C-LoRA: Continual Low-Rank Adaptation for Pre-trained Models
Xin Zhang, Liang Bai, Xian Yang, Jiye Liang
TL;DR
The paper tackles catastrophic forgetting and adapter growth in continual learning for pre-trained models. It introduces Continual Low-Rank Adaptation (C-LoRA), a single shared low-rank update modulated by a learnable routing matrix $\boldsymbol{\mathcal{R}}$, decomposed into $\boldsymbol{\mathcal{R}}_{\text{old}}$ and $\boldsymbol{\mathcal{R}}_{\delta}$ with orthogonality constraints to minimize interference. Theoretical support is provided via Theorem 3.1, showing reduced gradient changes for the shared subspace when training with the decomposition, and extensive experiments on four datasets with ViT backbones demonstrate state-of-the-art Last-Acc and Inc-Acc across 5, 10, and 20 incremental sessions, including ablations that validate the importance of the orthogonal regularization.

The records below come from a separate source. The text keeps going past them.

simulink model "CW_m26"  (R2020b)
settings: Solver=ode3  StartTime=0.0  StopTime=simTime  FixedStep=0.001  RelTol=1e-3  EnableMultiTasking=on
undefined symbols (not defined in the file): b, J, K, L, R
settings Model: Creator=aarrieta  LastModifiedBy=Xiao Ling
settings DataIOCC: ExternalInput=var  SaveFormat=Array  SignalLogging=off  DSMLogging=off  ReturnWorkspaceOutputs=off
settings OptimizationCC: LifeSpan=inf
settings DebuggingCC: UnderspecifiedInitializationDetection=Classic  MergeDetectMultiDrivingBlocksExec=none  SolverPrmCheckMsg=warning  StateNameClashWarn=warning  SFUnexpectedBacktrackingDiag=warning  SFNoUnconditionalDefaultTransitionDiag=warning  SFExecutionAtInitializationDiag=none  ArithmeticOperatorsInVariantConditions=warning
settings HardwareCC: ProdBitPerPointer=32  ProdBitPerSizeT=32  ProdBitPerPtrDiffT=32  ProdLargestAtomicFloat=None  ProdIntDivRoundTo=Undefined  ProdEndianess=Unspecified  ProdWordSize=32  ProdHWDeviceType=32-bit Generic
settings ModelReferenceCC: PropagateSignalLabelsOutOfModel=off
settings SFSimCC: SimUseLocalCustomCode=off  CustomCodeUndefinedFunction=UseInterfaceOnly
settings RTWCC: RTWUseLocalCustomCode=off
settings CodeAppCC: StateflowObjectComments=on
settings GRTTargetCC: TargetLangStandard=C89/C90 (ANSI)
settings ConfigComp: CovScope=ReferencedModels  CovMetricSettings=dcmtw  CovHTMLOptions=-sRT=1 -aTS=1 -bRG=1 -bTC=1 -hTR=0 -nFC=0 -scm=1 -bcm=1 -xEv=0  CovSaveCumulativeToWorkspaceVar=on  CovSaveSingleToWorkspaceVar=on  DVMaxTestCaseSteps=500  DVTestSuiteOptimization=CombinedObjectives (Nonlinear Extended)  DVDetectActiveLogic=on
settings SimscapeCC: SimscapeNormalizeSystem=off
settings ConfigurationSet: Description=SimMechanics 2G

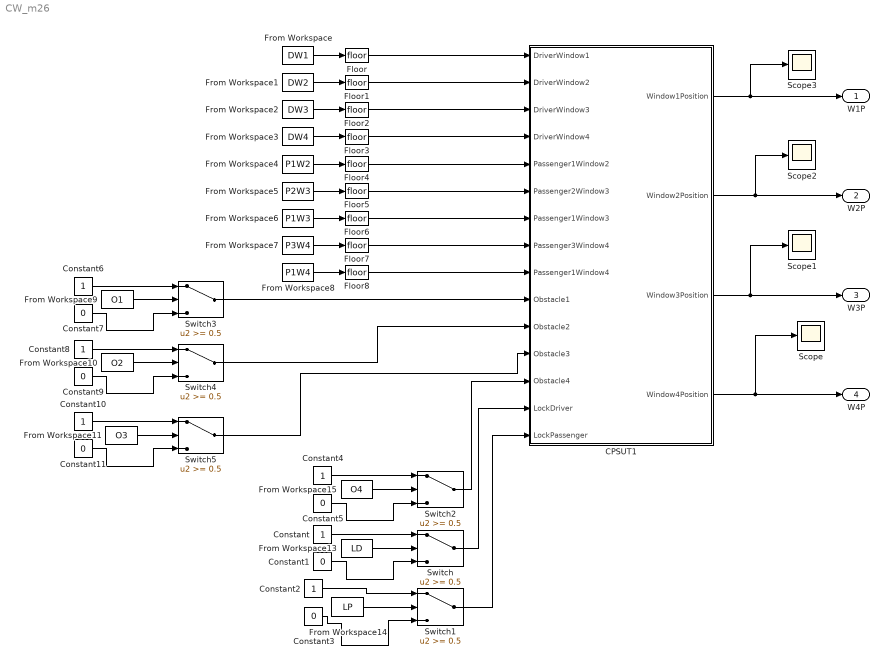
== system CW_m26 ==
  CPSUT1 : Subsystem
  Constant{,2,4,6,8,10} (6 alike) : Constant  OutDataTypeStr=boolean
  Constant{1,3,5,7,9,11} (6 alike) : Constant  Value=0  OutDataTypeStr=boolean
  Floor{,1..8} (9 alike) : Rounding
  From Workspace : FromWorkspace  VariableName=DW1
  From Workspace1 : FromWorkspace  VariableName=DW2
  From Workspace10 : FromWorkspace  VariableName=O2
  From Workspace11 : FromWorkspace  VariableName=O3
  From Workspace13 : FromWorkspace  VariableName=LD
  From Workspace14 : FromWorkspace  VariableName=LP
  From Workspace15 : FromWorkspace  VariableName=O4
  From Workspace2 : FromWorkspace  VariableName=DW3
  From Workspace3 : FromWorkspace  VariableName=DW4
  From Workspace4 : FromWorkspace  VariableName=P1W2
  From Workspace5 : FromWorkspace  VariableName=P2W3
  From Workspace6 : FromWorkspace  VariableName=P1W3
  From Workspace7 : FromWorkspace  VariableName=P3W4
  From Workspace8 : FromWorkspace  VariableName=P1W4
  From Workspace9 : FromWorkspace  VariableName=O1
  Scope{,1..3} (4 alike) : Scope
  Switch{,1..5} (6 alike) : Switch  Threshold=0.5
  W1P : Outport
  W2P : Outport  Port=2
  W3P : Outport  Port=3
  W4P : Outport  Port=4
  wires:
  CPSUT1/1(Window1Position) -> W1P/1, Scope3/1
  CPSUT1/2(Window2Position) -> W2P/1, Scope2/1
  CPSUT1/3(Window3Position) -> W3P/1, Scope1/1
  CPSUT1/4(Window4Position) -> W4P/1, Scope/1
  From Workspace2/1 -> Floor2/1
  From Workspace3/1 -> Floor3/1
  From Workspace4/1 -> Floor4/1
  From Workspace5/1 -> Floor5/1
  From Workspace6/1 -> Floor6/1
  From Workspace7/1 -> Floor7/1
  From Workspace8/1 -> Floor8/1
  Switch2/1 -> CPSUT1/13(Obstacle4)
  From Workspace13/1 -> Switch/2
  From Workspace14/1 -> Switch1/2
  Switch1/1 -> CPSUT1/15(LockPassenger)
  Constant/1 -> Switch/1
  Constant1/1 -> Switch/3
  Constant2/1 -> Switch1/1
  Constant3/1 -> Switch1/3
  Switch/1 -> CPSUT1/14(LockDriver)
  From Workspace/1 -> Floor/1
  Floor/1 -> CPSUT1/1(DriverWindow1)
  From Workspace1/1 -> Floor1/1
  Floor1/1 -> CPSUT1/2(DriverWindow2)
  Floor2/1 -> CPSUT1/3(DriverWindow3)
  Floor3/1 -> CPSUT1/4(DriverWindow4)
  Floor4/1 -> CPSUT1/5(Passenger1Window2)
  Floor5/1 -> CPSUT1/6(Passenger2Window3)
  Floor6/1 -> CPSUT1/7(Passenger1Window3)
  Floor7/1 -> CPSUT1/8(Passenger3Window4)
  Floor8/1 -> CPSUT1/9(Passenger1Window4)
  From Workspace15/1 -> Switch2/2
  Constant5/1 -> Switch2/3
  Constant4/1 -> Switch2/1
  Constant7/1 -> Switch3/3
  From Workspace9/1 -> Switch3/2
  Switch3/1 -> CPSUT1/10(Obstacle1)
  Constant6/1 -> Switch3/1
  Constant9/1 -> Switch4/3
  From Workspace10/1 -> Switch4/2
  Switch4/1 -> CPSUT1/11(Obstacle2)
  Constant8/1 -> Switch4/1
  Constant11/1 -> Switch5/3
  From Workspace11/1 -> Switch5/2
  Switch5/1 -> CPSUT1/12(Obstacle3)
  Constant10/1 -> Switch5/1

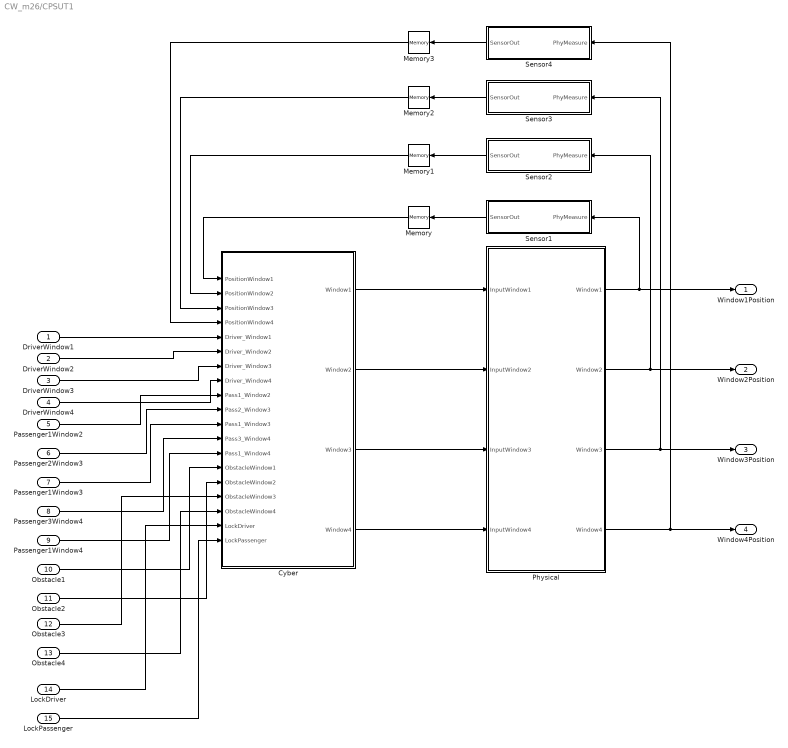
== system CW_m26/CPSUT1 ==
  DriverWindow1 : Inport
  DriverWindow2 : Inport  Port=2
  DriverWindow3 : Inport  Port=3
  DriverWindow4 : Inport  Port=4
  Passenger1Window2 : Inport  Port=5
  Passenger2Window3 : Inport  Port=6
  Passenger1Window3 : Inport  Port=7
  Passenger3Window4 : Inport  Port=8
  Passenger1Window4 : Inport  Port=9
  Obstacle1 : Inport  Port=10
  Obstacle2 : Inport  Port=11
  Obstacle3 : Inport  Port=12
  Obstacle4 : Inport  Port=13
  LockDriver : Inport  Port=14
  LockPassenger : Inport  Port=15
  Cyber : Subsystem
  Memory{,1..3} (4 alike) : Memory
  Physical : Subsystem
  Sensor1 : Subsystem
  Sensor2 : Subsystem
  Sensor3 : Subsystem
  Sensor4 : Subsystem
  Window1Position : Outport  VectorParamsAs1DForOutWhenUnconnected=off
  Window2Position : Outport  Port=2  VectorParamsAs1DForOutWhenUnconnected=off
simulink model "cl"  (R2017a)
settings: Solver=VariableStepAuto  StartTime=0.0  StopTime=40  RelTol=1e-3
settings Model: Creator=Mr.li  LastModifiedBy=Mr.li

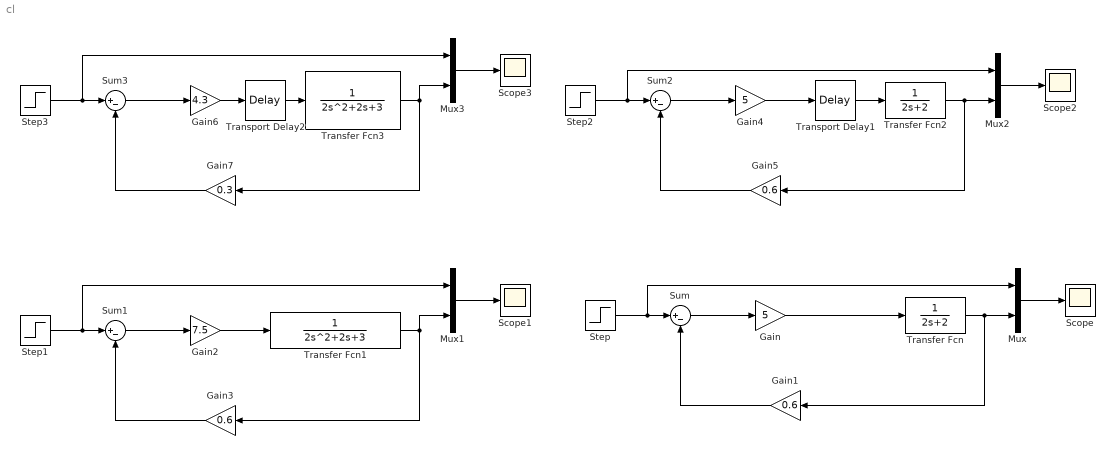
== system cl ==
  Gain : Gain  Gain=5
  Gain1 : Gain  Gain=0.6
  Gain2 : Gain  Gain=7.5
  Gain3 : Gain  Gain=0.6
  Gain4 : Gain  Gain=5
  Gain5 : Gain  Gain=0.6
  Gain6 : Gain  Gain=4.3
  Gain7 : Gain  Gain=0.3
  Mux{,1..3} (4 alike) : Mux  Inputs=2
  Scope{,1..3} (4 alike) : Scope
  Step{,1..3} (4 alike) : Step  SampleTime=0
  Sum{,1..3} (4 alike) : Sum  Inputs=|+-
  Transfer Fcn : TransferFcn  Denominator=[2 2]
  Transfer Fcn1 : TransferFcn  Denominator=[2 2 3]
  Transfer Fcn2 : TransferFcn  Denominator=[2 2]
  Transfer Fcn3 : TransferFcn  Denominator=[2 2 3]
  Transport Delay1 : TransportDelay
  Transport Delay2 : TransportDelay
  wires:
  Step/1 -> Mux/1, Sum/1
  Sum/1 -> Gain/1
  Mux/1 -> Scope/1
  Gain1/1 -> Sum/2
  Transfer Fcn/1 -> Gain1/1, Mux/2
  Mux1/1 -> Scope1/1
  Gain3/1 -> Sum1/2
  Sum1/1 -> Gain2/1
  Step1/1 -> Mux1/1, Sum1/1
  Transfer Fcn1/1 -> Gain3/1, Mux1/2
  Gain2/1 -> Transfer Fcn1/1
  Transport Delay1/1 -> Transfer Fcn2/1
  Mux2/1 -> Scope2/1
  Gain5/1 -> Sum2/2
  Gain4/1 -> Transport Delay1/1
  Sum2/1 -> Gain4/1
  Step2/1 -> Mux2/1, Sum2/1
  Transfer Fcn2/1 -> Gain5/1, Mux2/2
  Transport Delay2/1 -> Transfer Fcn3/1
  Mux3/1 -> Scope3/1
  Gain7/1 -> Sum3/2
  Gain6/1 -> Transport Delay2/1
  Sum3/1 -> Gain6/1
  Step3/1 -> Mux3/1, Sum3/1
  Transfer Fcn3/1 -> Gain7/1, Mux3/2
  Gain/1 -> Transfer Fcn/1
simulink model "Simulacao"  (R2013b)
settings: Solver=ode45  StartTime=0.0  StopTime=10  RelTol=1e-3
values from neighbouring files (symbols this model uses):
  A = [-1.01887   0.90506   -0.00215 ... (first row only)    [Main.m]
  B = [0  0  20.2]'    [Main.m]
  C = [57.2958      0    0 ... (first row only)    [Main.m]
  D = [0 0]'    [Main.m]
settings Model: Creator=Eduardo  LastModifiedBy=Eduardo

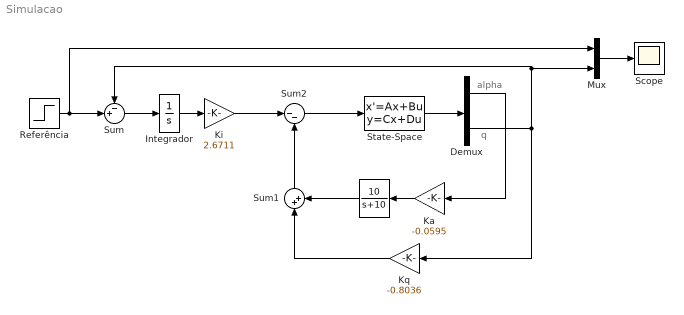
== system Simulacao ==
  note: alpha
  note: q
  " " : TransferFcn  Numerator=[10]  Denominator=[1 10]
  Demux : Demux  Outputs=2
  Integrador : TransferFcn  Denominator=[1 0]
  Ka : Gain  Gain=-0.0595
  Ki : Gain  Gain=2.6711
  Kq : Gain  Gain=-0.8036
  Mux : Mux  Inputs=2
  Referência : Step  SampleTime=0
  Scope : Scope
  State-Space : StateSpace  A=A  B=B  C=C  D=D  X0=0
  Sum : Sum  Inputs=-+|
  Sum1 : Sum  Inputs=|++
  Sum2 : Sum  Inputs=|--
  wires:
  Integrador/1 -> Ki/1
  Ka/1 -> " "/1
  Kq/1 -> Sum1/1
  " "/1 -> Sum1/2
  Ki/1 -> Sum2/1
  Sum1/1 -> Sum2/2
  Referência/1 -> Mux/1, Sum/2
  Sum/1 -> Integrador/1
  Demux/2 -> Kq/1, Sum/1, Mux/2
  Demux/1 -> Ka/1
  Mux/1 -> Scope/1
  Sum2/1 -> State-Space/1
  State-Space/1 -> Demux/1
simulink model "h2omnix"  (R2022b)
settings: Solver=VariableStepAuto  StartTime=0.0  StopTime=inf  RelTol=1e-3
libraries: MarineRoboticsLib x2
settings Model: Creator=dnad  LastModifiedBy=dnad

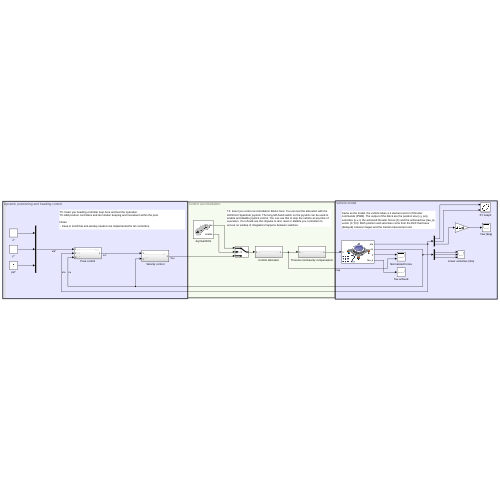
[thumbnail: Simulink's stored preview of the top-level diagram]
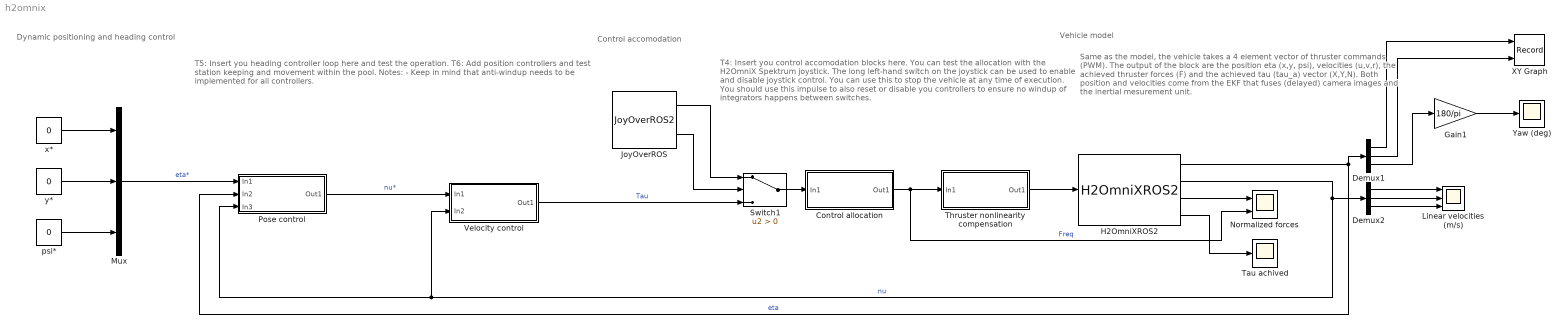
== system h2omnix ==
  note: Control accomodation
  note: T4: Insert you control accomodation blocks here. You can test the allocation with the
      | H2OmniX Spektrum joystick. The long left-hand switch on the joystick can be used to enable and disable joystick control. You can use this to stop the vehicle at any time of execution. You should use this impulse to also reset or disable you controllers to ensure no windup of integrators happens between switches.
  note: Dynamic positioning and heading control
  note: Vehicle model
  note: T5: Insert you heading controller loop here and test the operation.
      | T6: Add position controllers and test station keeping and movement within the pool.
      |
      | Notes:
      |  - Keep in mind that anti-windup needs to be implemented for all controllers.
  note: Same as the model, the vehicle takes a 4 element vector of thruster
      | commands (PWM). The output of the block are the position eta (x,y, psi),
      | velocities (u,v,r), the achieved thruster forces (F) and the achieved tau (tau_a)
      | vector (X,Y,N). Both position and velocities come from the EKF that fuses
      | (delayed) camera images and the inertial mesurement unit.
  Control allocation : Subsystem
  Demux1 : Demux  Outputs=3
  Demux2 : Demux  Outputs=3
  Gain1 : Gain  Gain=180/pi
  H2OmniXROS2 : MarineRoboticsLib/H2OmniXROS2  SystemSampleTime=-1  VariantActivationTime=update diagram  Latency=0  AutoFrameSizeCalculation=off
  JoyOverROS : MarineRoboticsLib/JoyOverROS2  SystemSampleTime=-1  VariantActivationTime=update diagram  Latency=0  AutoFrameSizeCalculation=off
  Linear velocities (m/s) : Scope  NumInputPorts=3
  Mux : Mux  Inputs=3
  Normalized forces : Scope  NumInputPorts=2
  Pose control : Subsystem
  Switch1 : Switch  Criteria=u2 > Threshold  SaturateOnIntegerOverflow=off  InputSameDT=off
  Tau achived : Scope
  Thruster nonlinearity compensation : Subsystem
  Velocity control : Subsystem
  XY Graph : Record  FileSettingsInternal="{\"entries\":[{\"content\":{\"excelSettings\":{\"content\":{},\"type\":\"Streamout.ExcelSettings\"}},\"type\":\"Streamout.FileSettingStorage\",\"uuid\":\"c2ccf2ae-488c-4bcf-8440-ec82bd5a1921\"}],\"packageUris\":[\"http://schema.mathworks.com/mf0/streamout_blocks/R2020a\"],\"version\":\"1.0\"}"  Layout=[1 1]  SignalsInternal="{\"entries\":[{\"content\":{\"signals\":[{\"content\":{\"blockPath\":[\"h2omnix/XY Graph\"],\"channel\":[],\"dimensions\":[1],\"domain\":\"h2omnix/XY Graph\",\"lineColor\":\"#a2142f\",\"plots\":[1],\"port\":1,\"sid\":[],\"signalID\":33,\"signalName\":\"XY Graph:1\"},\"type\":\"RecordBlkView.Signal\",\"uuid\":\"988fb235-ad8a-4eba-9e77-4438b6786f59\"},{\"content\":{\"blockPath\":[\"h2omnix/XY Graph\"],\"channel\":[],\"dimensions\":[1],\"domain\":\"h2omnix/XY Graph\",\"lineColor\":\"#139fff\",\"plots\":[1],\"port\":2,\"sid\":[],\"signalID\":36,\"signalName\":\"XY Graph:2\"},\"type\":\"RecordBlkView.Signal\",\"uuid\":\"17a51127-2417-451c-a370-92b9da37ddba\"}]},\"type\":\"RecordBlkView.InputSignals\",\"uuid\":\"5cbcfa84-bccf-45f4-bb03-fc42fd5fc121\"}],\"packageUris\":[\"http://schema.mathworks.com/mf0/streamout_blocks/R2020a\"],\"version\":\"1.0\"}"  VisualizationBindings="{\"xyplotplugin\":{\"info\":[{\"series\":[{\"bindingParametersList\":[{\"parameter\":\"X-Axis\",\"signalID\":33,\"signalName\":\"XY Graph:1\"},{\"parameter\":\"Y-Axis\",\"signalID\":36,\"signalName\":\"XY Graph:2\"}],\"seriesID\":53718}],\"subplotID\":1}]}}"  CompatibilityTag=XY
  Yaw (deg) : Scope
  psi* : Constant  Value=0
  x* : Constant  Value=0
  y* : Constant  Value=0
  wires:
  Demux2/1 -> Linear velocities (m/s)/1
  H2OmniXROS2/4 -> Tau achived/1
  y*/1 -> Mux/2
  Thruster nonlinearity compensation/1(Out1) -> H2OmniXROS2/1
  H2OmniXROS2/1 -> Demux1/1, Pose control/2(In2)  "eta"
  Control allocation/1(Out1) -> Thruster nonlinearity compensation/1(In1), Normalized forces/2  "Freq"
  psi*/1 -> Mux/3
  H2OmniXROS2/3 -> Normalized forces/1
  Demux1/2 -> XY Graph/2
  H2OmniXROS2/2 -> Pose control/3(In3), Velocity control/2(In2), Demux2/1  "nu"
  Demux1/1 -> XY Graph/1
  Gain1/1 -> Yaw (deg)/1
  Demux1/3 -> Gain1/1
  Pose control/1(Out1) -> Velocity control/1(In1)  "nu*"
  Mux/1 -> Pose control/1(In1)  "eta*"
  Demux2/2 -> Linear velocities (m/s)/2
  x*/1 -> Mux/1
  Demux2/3 -> Linear velocities (m/s)/3
  Switch1/1 -> Control allocation/1(In1)
  JoyOverROS/1 -> Switch1/1
  JoyOverROS/2 -> Switch1/2
  Velocity control/1(Out1) -> Switch1/3  "Tau"

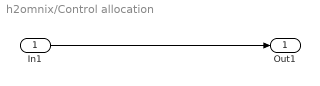
== system h2omnix/Control allocation ==
  In1 : Inport
  Out1 : Outport
  wires:
  In1/1 -> Out1/1

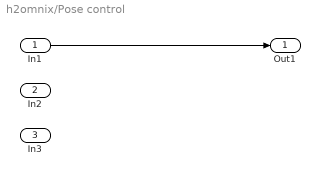
== system h2omnix/Pose control ==
  In1 : Inport
  In2 : Inport  Port=2
  In3 : Inport  Port=3
  Out1 : Outport
  wires:
  In1/1 -> Out1/1

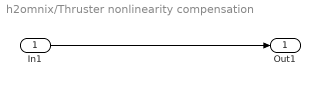
== system h2omnix/Thruster nonlinearity compensation ==
  In1 : Inport
  Out1 : Outport
  wires:
  In1/1 -> Out1/1

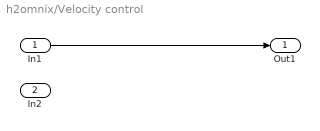
== system h2omnix/Velocity control ==
  In1 : Inport
  In2 : Inport  Port=2
  Out1 : Outport
  wires:
  In1/1 -> Out1/1

The approach achieves scalable, parameter-efficient continual learning by reusing subspaces within a single adapter, offering practical impact for dynamic, multi-task environments where preserving prior knowledge is critical.
Abstract
Low-Rank Adaptation (LoRA) is an efficient fine-tuning method that has been extensively applied in areas such as natural language processing and computer vision. Existing LoRA fine-tuning approaches excel in static environments but struggle in dynamic learning due to reliance on multiple adapter modules, increasing overhead and complicating inference. We propose Continual Low-Rank Adaptation (C-LoRA), a novel extension of LoRA for continual learning. C-LoRA uses a learnable routing matrix to dynamically manage parameter updates across tasks, ensuring efficient reuse of learned subspaces while enforcing orthogonality to minimize interference and forgetting. Unlike existing approaches that require separate adapters for each task, C-LoRA enables a integrated approach for task adaptation, achieving both scalability and parameter efficiency in sequential learning scenarios. C-LoRA achieves state-of-the-art accuracy and parameter efficiency on benchmarks while providing theoretical insights into its routing matrix's role in retaining and transferring knowledge, establishing a scalable framework for continual learning.